[Opening RECORDS FOR PROCESSING section]
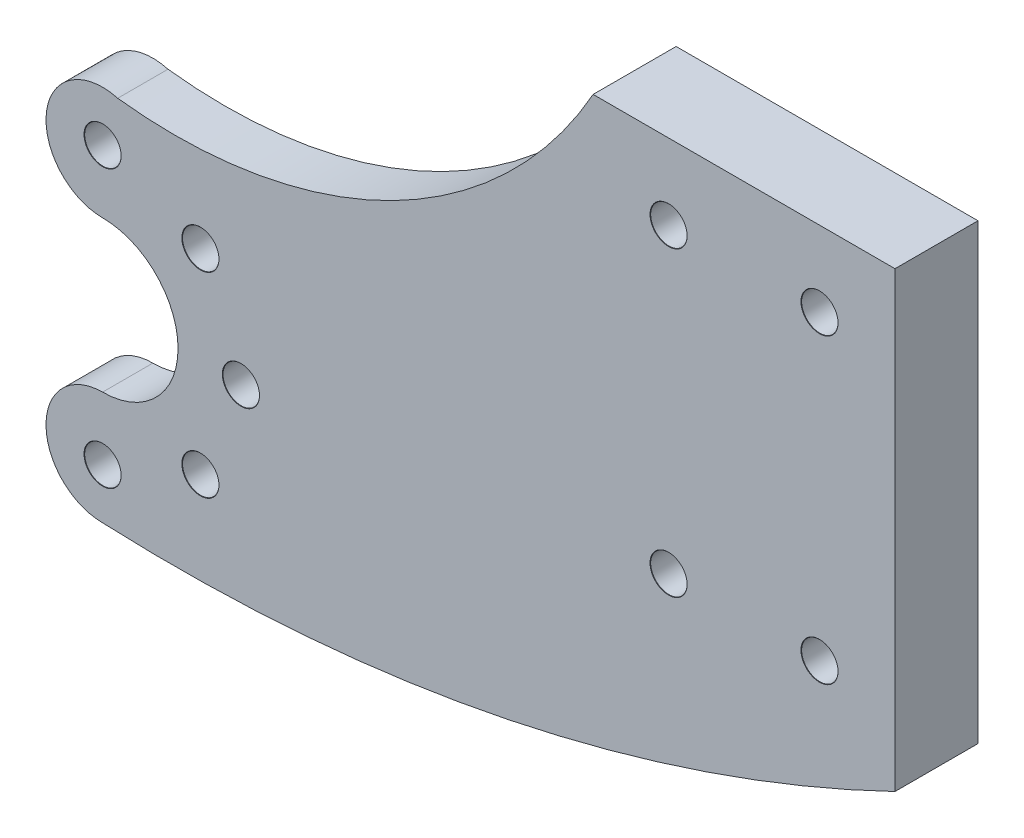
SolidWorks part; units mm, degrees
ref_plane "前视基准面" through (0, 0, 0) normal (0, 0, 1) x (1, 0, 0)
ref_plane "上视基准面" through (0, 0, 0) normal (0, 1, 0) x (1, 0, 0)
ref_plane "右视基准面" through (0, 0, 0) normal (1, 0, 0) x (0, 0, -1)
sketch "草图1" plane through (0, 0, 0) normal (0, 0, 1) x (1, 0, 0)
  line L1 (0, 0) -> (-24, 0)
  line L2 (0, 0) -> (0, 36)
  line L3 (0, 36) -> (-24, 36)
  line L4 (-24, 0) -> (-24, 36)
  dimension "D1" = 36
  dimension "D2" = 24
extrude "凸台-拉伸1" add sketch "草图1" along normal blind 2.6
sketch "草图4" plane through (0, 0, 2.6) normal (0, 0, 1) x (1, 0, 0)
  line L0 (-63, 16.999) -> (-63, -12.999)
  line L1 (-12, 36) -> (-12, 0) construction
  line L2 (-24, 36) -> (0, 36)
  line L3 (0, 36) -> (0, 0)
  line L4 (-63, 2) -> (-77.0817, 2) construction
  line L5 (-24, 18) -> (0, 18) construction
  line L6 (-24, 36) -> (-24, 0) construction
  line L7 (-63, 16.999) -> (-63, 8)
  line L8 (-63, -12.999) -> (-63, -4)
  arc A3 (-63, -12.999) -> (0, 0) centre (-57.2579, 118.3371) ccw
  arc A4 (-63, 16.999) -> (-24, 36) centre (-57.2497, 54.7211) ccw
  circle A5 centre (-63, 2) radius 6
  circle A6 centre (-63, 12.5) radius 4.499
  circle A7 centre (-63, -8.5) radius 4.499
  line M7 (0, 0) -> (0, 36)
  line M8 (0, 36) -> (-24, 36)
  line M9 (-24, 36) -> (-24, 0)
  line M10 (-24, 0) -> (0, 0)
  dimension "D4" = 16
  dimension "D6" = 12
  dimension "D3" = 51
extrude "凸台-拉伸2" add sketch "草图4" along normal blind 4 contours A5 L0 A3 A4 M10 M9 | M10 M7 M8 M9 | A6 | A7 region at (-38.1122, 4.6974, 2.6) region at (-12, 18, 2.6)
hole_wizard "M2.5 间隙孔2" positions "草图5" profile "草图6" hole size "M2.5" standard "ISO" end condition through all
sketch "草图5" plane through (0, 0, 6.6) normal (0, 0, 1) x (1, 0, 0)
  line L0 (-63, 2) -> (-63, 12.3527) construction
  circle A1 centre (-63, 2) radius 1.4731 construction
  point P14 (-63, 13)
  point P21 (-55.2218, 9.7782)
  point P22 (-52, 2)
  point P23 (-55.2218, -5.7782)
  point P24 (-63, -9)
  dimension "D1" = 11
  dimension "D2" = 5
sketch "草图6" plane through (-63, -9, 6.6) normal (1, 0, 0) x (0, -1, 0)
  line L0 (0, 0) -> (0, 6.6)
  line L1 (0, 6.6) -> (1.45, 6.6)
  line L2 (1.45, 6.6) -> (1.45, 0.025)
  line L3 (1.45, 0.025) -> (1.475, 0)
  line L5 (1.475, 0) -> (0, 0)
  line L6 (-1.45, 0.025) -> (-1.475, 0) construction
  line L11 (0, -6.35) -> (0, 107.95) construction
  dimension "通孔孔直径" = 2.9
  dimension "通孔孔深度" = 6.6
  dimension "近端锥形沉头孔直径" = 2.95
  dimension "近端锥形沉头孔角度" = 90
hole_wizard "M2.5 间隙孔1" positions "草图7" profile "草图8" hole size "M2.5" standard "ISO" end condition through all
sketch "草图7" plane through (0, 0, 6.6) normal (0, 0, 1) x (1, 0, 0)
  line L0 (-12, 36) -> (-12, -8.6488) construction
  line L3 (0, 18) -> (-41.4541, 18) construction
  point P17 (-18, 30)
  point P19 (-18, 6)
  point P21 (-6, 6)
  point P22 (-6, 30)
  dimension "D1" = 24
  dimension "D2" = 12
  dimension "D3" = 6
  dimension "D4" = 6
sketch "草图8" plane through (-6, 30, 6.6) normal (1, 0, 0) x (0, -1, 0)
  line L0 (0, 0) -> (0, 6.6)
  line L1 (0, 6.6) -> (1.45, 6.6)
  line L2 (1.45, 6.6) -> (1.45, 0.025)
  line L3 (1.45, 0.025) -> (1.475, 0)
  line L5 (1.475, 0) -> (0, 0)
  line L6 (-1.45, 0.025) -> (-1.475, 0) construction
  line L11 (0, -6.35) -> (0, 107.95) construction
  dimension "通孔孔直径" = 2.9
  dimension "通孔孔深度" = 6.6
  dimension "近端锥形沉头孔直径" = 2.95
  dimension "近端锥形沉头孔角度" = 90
[Closing RECORDS FOR PROCESSING section]
◆ EXERCISE ◆
In the listing above, how many of the lines contain the string "along"? Respond with the number alone.

◆ TASK ANSWER ◆
2